Затем Альберт сообщил о пожелании Шюца присутствовать при чтении манускриптов, чем тот надеется иссечь в себе вдохновенную искру, надобную для того, чтобы вослед Монтеверди, пишущему мадригалы на родном своем языке, делать то же на языке немецком либо, коли будут читаны сочинения драматического жанра, чтобы отыскать среди них материал для оперы — подобно тому, как это уже случилось однажды, двадцать лет назад, с «Дафной» покойного Опица; за что он, пользуясь возможностию, приносит свою благодарность посреднику в том деле, присутствующему здесь магистру Бухнеру.

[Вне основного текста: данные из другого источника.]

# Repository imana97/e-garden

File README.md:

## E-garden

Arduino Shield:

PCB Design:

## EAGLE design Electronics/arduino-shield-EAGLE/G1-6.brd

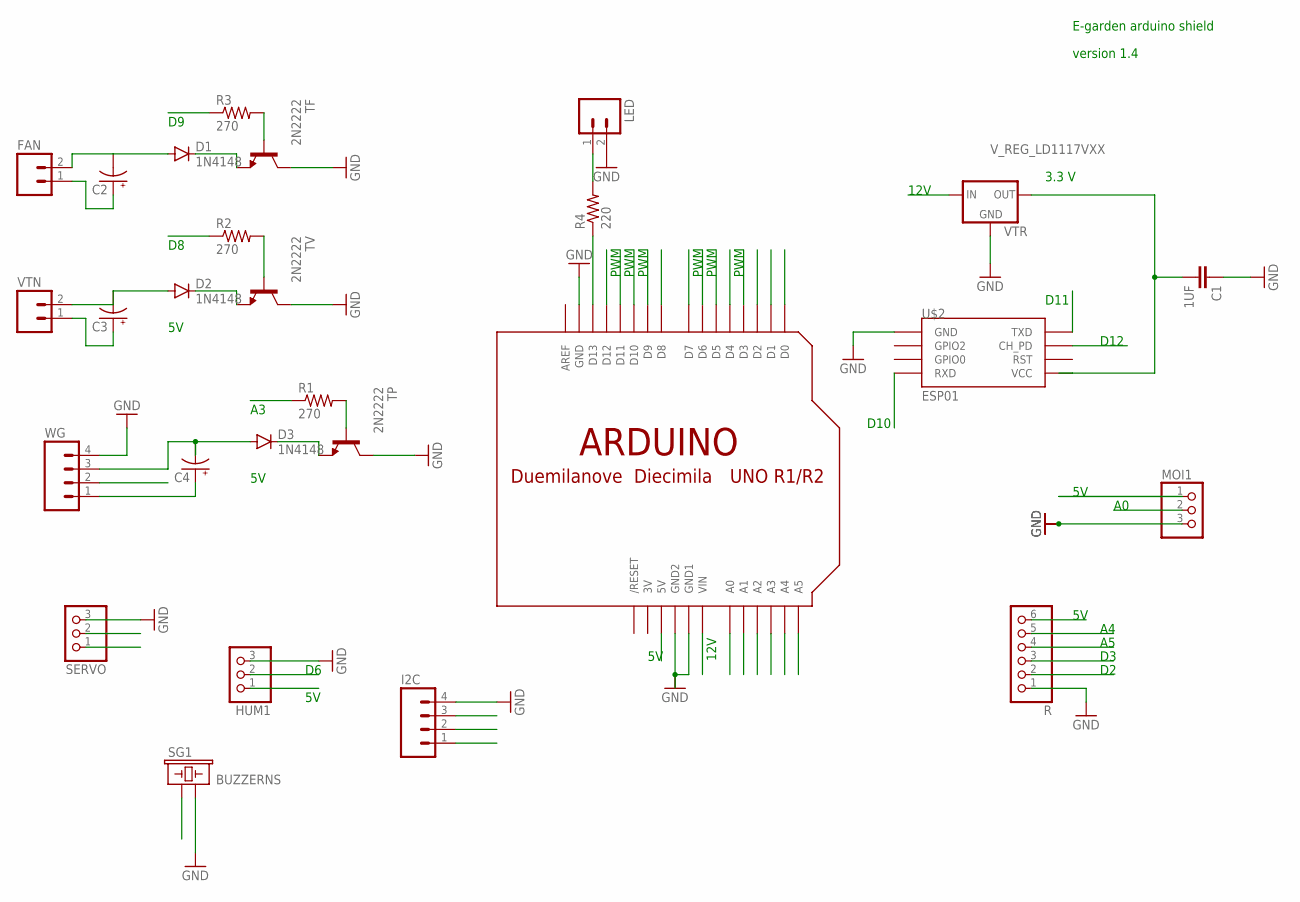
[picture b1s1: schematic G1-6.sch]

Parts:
C1: 1UF; CAP-PTH-SMALL-KIT
C2, C3, C4: CAP_POLPTH2; CPOL-RADIAL-10UF-25V
D1, D2, D3: 1N4148; DIODE-1N4148
FAN: M02PTH; 1X02
HUM1: PINHD-1X3CB; 1X03-CLEANBIG
I2C: M04NO_SILK_ALL_ROUND; 1X04_NO_SILK_ALL_ROUND
LED: M02PTH; 1X02
MOI1: PINHD-1X3CB; 1X03-CLEANBIG
R: PINHD-1X6CB; 1X06-CLEANBIG
R1, R2, R3: 270; AXIAL-0.4
R4: 220; AXIAL-0.4
SERVO: PINHD-1X3CB; 1X03-CLEANBIG
SG1: BUZZERNS; BUZZER-12MM-NS
TF: 2N2222; TO92-EBC-OVAL
TP: 2N2222; TO92-EBC-OVAL
TV: 2N2222; TO92-EBC-OVAL
U$1: ARDUINO-BPLACE
U$2: ESP01
VTN: M02PTH; 1X02
VTR: V_REG_LD1117VXX; 78XXL
WG: M04NO_SILK_ALL_ROUND; 1X04_NO_SILK_ALL_ROUND

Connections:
3V: U$1.3V
A0: MOI1.2, U$1.A0
A1: U$1.A1, WG.2
A2: R.4, U$1.A2
A3: R.5, U$1.A3
A4: I2C.3, U$1.A4
A5: I2C.2, U$1.A5
D0: U$1.D0
D1: U$1.D1
D2: R.3, U$1.D2
D3: R.2, U$1.D3
D4: SERVO.2, U$1.D4
D5: SG1.+ (1), U$1.D5
D6: HUM1.2, U$1.D6
D7: R1.P$1 (1), U$1.D7
D8: R2.P$1 (1), U$1.D8
D9: R3.P$1 (1), U$1.D9
D10: U$1.D10, U$2.RX (RXD)
D11: U$1.D11, U$2.TX (TXD)
D12: U$1.D12, U$2.CH_PD
D13: R4.P$1 (1), U$1.D13
GND: C1.1, HUM1.3, I2C.4, LED.2, MOI1.3, R.1, SERVO.3, SG1.- (2), TF.C, TP.C, TV.C, U$1.GND, U$1.GND1, U$1.GND2, U$2.GND, VTR.IN (GND), WG.4
unnamed: D1.C, TF.E
unnamed: LED.1, R4.P$2 (2)
unnamed: D2.C, TV.E
unnamed: D3.C, TP.E
unnamed: R3.P$2 (2), TF.B
unnamed: C3.2 (-), D2.A, VTN.2
unnamed: R1.P$2 (2), TP.B
unnamed: C1.2, U$2.VCC, VTR.GND (OUT)
unnamed: C2.2 (-), D1.A, FAN.2
unnamed: C4.2 (-), D3.A, WG.3
TV: R2.P$2 (2), TV.B
V5: C2.1 (+), C3.1 (+), C4.1 (+), FAN.1, HUM1.1, I2C.1, MOI1.1, R.6, SERVO.1, U$1.5V, VTN.1, WG.1
V12: U$1.VIN, VTR.OUT (IN)

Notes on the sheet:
12V
3.3 V
D11
D10
D12
E-garden arduino shield
PWM
version 1.4

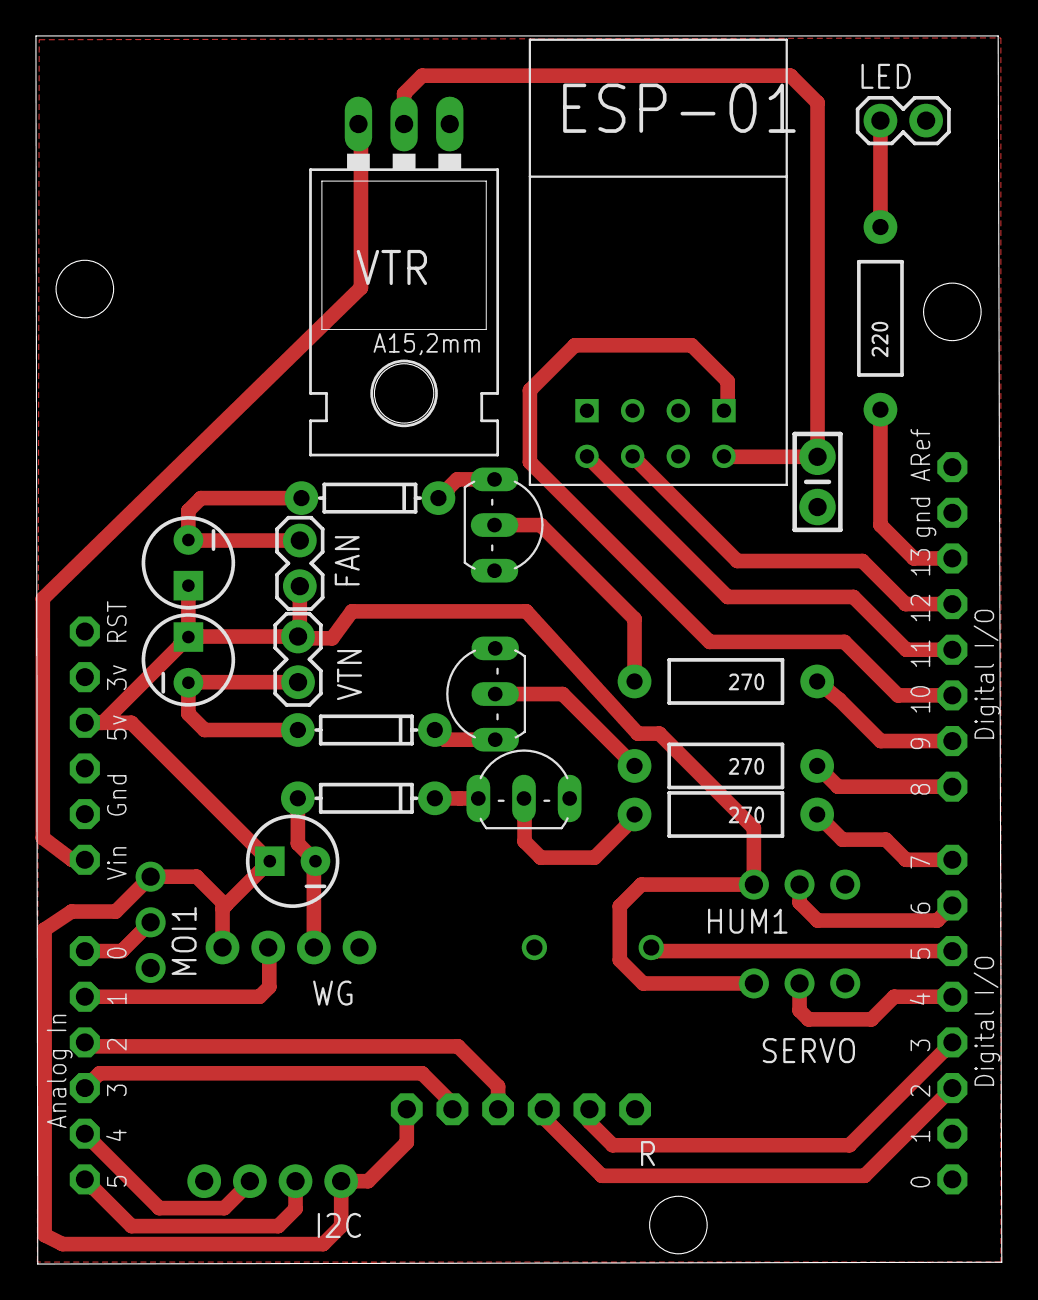
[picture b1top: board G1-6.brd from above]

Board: 2 copper layers, 53.7 x 68.3 mm, 27 parts (0 on the bottom side), 32 nets.

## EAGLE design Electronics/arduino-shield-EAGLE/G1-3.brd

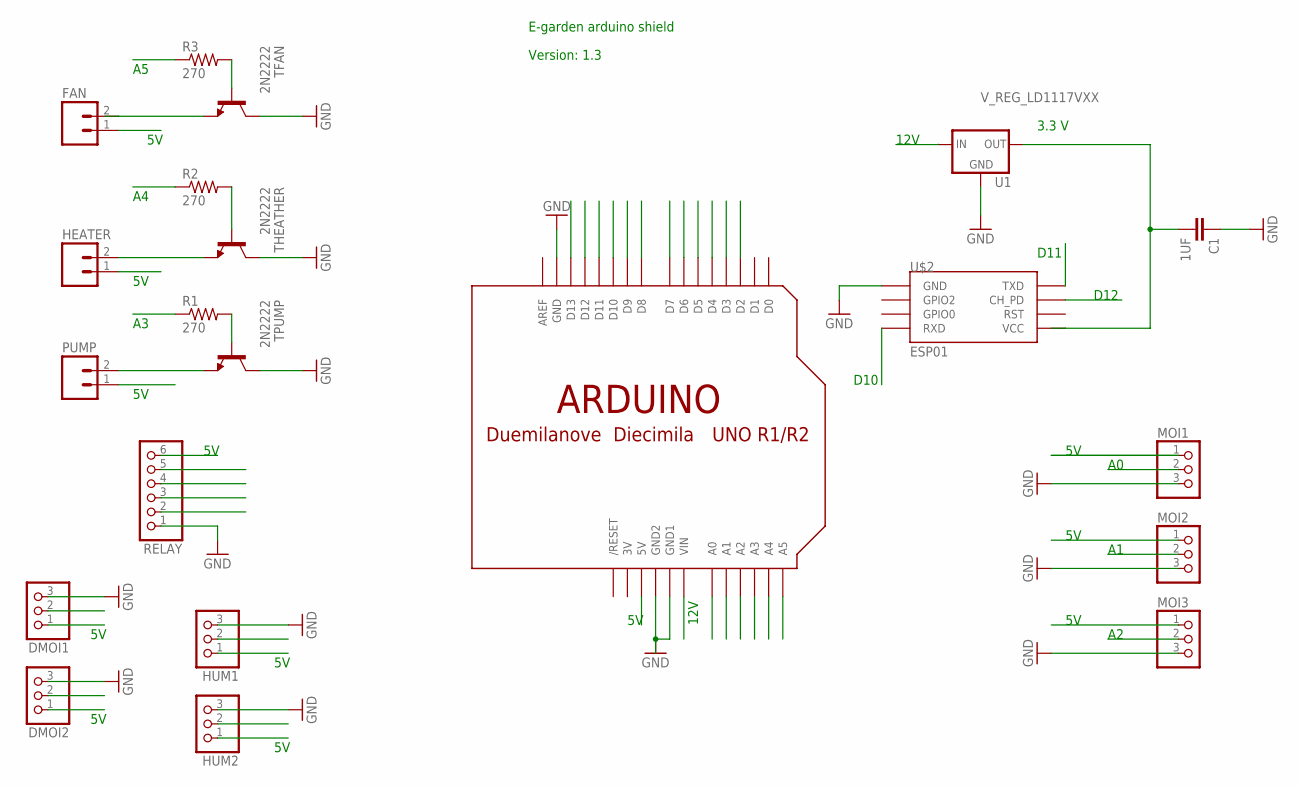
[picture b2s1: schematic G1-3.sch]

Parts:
C1: 1UF; CAP-PTH-SMALL-KIT
DMOI1, DMOI2: PINHD-1X3CB; 1X03-CLEANBIG
FAN: M02PTH; 1X02
HEATER: M02PTH; 1X02
HUM1, HUM2: PINHD-1X3CB; 1X03-CLEANBIG
MOI1, MOI2, MOI3: PINHD-1X3CB; 1X03-CLEANBIG
PUMP: M02PTH; 1X02
R1, R2, R3: 270; AXIAL-0.4
RELAY: PINHD-1X6CB; 1X06-CLEANBIG
TFAN: 2N2222; TO92-EBC-OVAL
THEATHER: 2N2222; TO92-EBC-OVAL
TPUMP: 2N2222; TO92-EBC-OVAL
U1: V_REG_LD1117VXX; 78XXL
U$1: ARDUINO-BPLACE
U$2: ESP01

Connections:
3V: U$1.3V
A0: MOI1.2, U$1.A0
A1: MOI2.2, U$1.A1
A2: MOI3.2, U$1.A2
A3: R1.P$1 (1), U$1.A3
A4: R2.P$1 (1), U$1.A4
A5: R3.P$1 (1), U$1.A5
D2: HUM1.2, U$1.D2
D3: HUM2.2, U$1.D3
D4: DMOI1.2, U$1.D4
D5: DMOI2.2, U$1.D5
D6: RELAY.2, U$1.D6
D7: RELAY.3, U$1.D7
D8: RELAY.4, U$1.D8
D9: RELAY.5, U$1.D9
D10: U$1.D10, U$2.RX (RXD)
D11: U$1.D11, U$2.TX (TXD)
D12: U$1.D12, U$2.CH_PD
D13: U$1.D13
GND: C1.1, DMOI1.3, DMOI2.3, HUM1.3, HUM2.3, MOI1.3, MOI2.3, MOI3.3, RELAY.1, TFAN.C, THEATHER.C, TPUMP.C, U1.IN (GND), U$1.GND, U$1.GND1, U$1.GND2, U$2.GND
unnamed: FAN.2, TFAN.E
unnamed: HEATER.2, THEATHER.E
unnamed: PUMP.2, TPUMP.E
unnamed: R3.P$2 (2), TFAN.B
unnamed: R2.P$2 (2), THEATHER.B
unnamed: R1.P$2 (2), TPUMP.B
unnamed: C1.2, U1.GND (OUT), U$2.VCC
V5: DMOI1.1, DMOI2.1, FAN.1, HEATER.1, HUM1.1, HUM2.1, MOI1.1, MOI2.1, MOI3.1, PUMP.1, RELAY.6, U$1.5V
V12: U1.OUT (IN), U$1.VIN

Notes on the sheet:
12V
3.3 V
D11
D10
D12
E-garden arduino shield
Version: 1.3

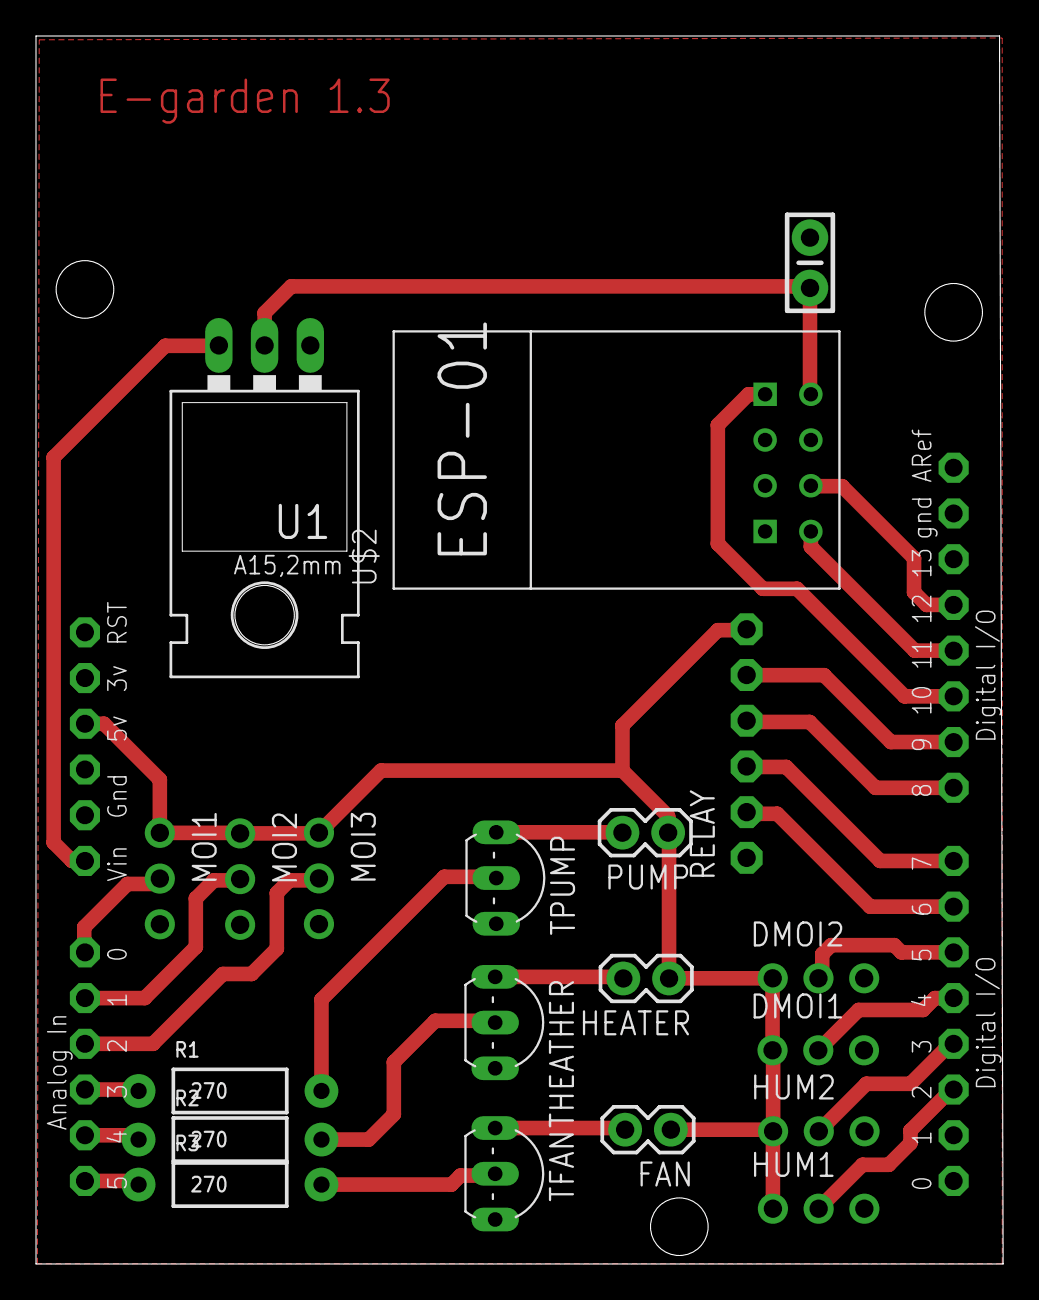
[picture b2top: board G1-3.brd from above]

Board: 2 copper layers, 53.7 x 68.2 mm, 21 parts (0 on the bottom side), 27 nets.

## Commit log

2017-01-03 init
2017-01-11 Set theme jekyll-theme-architect
2017-01-11 board version 1.4
2017-01-11 .DS_Store banished!
2017-01-11 image
2017-01-19 shield version 1.6

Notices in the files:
parts and their libraries:
SparkFun-Capacitors: Licensing: Creative Commons ShareAlike 4.0 International - https://creativecommons.org/licenses/by-sa/4.0

Теперь все, затаив дыхание, ждали, что ответит маэстро, ибо на лице Шюца во все время, пока Альберт его восхвалял, сетовал на сложность его музыки и говорил о своих пожеланиях, не отразилось ровным счетом ничего. Изборожденное заботами чело его, нависшее над высокими бровями, ни разу не нахмурилось, не говоря уже о том, чтобы разгладиться. Так же недвижны были его очи, уставленные на что-то печальное, разыгрывавшееся где-то вне трактирных стен. Легкие складки притаились в углах рта, тщательно обрамленного усами и эспаньолкой на фасон Густава Адольфа. Длинные белесоватые волосы зачесаны назад от висков и со лба. Недвижное спокойствие, не колеблемое даже дыханием.
Заговорив, благодарил коротко: он лишь развил то, чему научил его Иоганн Габриель. Несколько странной, если не ребячливой, показалась наивность, с какой сей благовоспитанный муж стал показывать всем за столом перстень, дарованный ему в знак дружбы Джованни Габриели незадолго до смерти. Жалобу Альберта на трудность полифонии он отверг одной фразой: искусство, стремящееся быть достойным чистого слова Божьего, требует совершенства. Тут же последовал первый, тихо произнесенный, но всем длинным столом услышанный приговор: кто ищет легкого, лежащего вне искусства, пусть довольствуется рифмованными строфическими песнями да генерал-басом. Однако теперь он хотел бы услышать то, чего сам производить не может: сладостное сочетание искусных слов.
Тут говоривший сидя Шюц встал и тем подал знак перебираться в более просторную залу, так что Даху не пришлось к этому призывать. Все поднялись из-за стола, один Гергардт медлил, отнеся уничижительную Шюцеву оценку строфических песен к собственной персоне. Векерлин вынужден был его увещевать и в конце концов преуспел.
Другого сорта морока приключилась у Даха с Грифиусом — тот наотрез отказывался приступить к чтению сцен из трагедии, завершенной совсем недавно в Страсбурге, на пути из Франции. Он, так и быть, почитает, но не сразу, не тотчас, — не будет он угождать этому Шюцу, сколь ни почтенна заслуженная им слава. Кроме того, в сочинители либретто для опер он не годится. Недостает ему должного придворного велелепия. Пусть Дах вызовет сначала других — хотя бы молодых. Коим, сдается, и ночь не в помочь. Вон зевают в три зева да подкашиваются в коленках. Даже Грефлингер — и тот прикусил язык. Может, хоть собственные стишки растормошат их создателей — это токмо на других они наводят тоску.
Дах никому не перечил. Только вот когда Рист с Мошерошем попытались склонить его для начала к оглашению манифеста, над которым они, держа совет с Гофмансвальдау и Гарсдёрфером, прокорпели ночь, а потом переделывали его утром, желая принять его как воззвание к миру — обращение немецких поэтов к своим князьям, то тут уж кёнигсбергский магистр не на шутку испугался разброда в своей литературной семье. «Потом, потом, дети мои! — вскричал он. — Сперва попробуем усладить господина Шюца чернильными упражнениями своими. Политика же — увечная спутница мира, и никуда она от нас не убежит».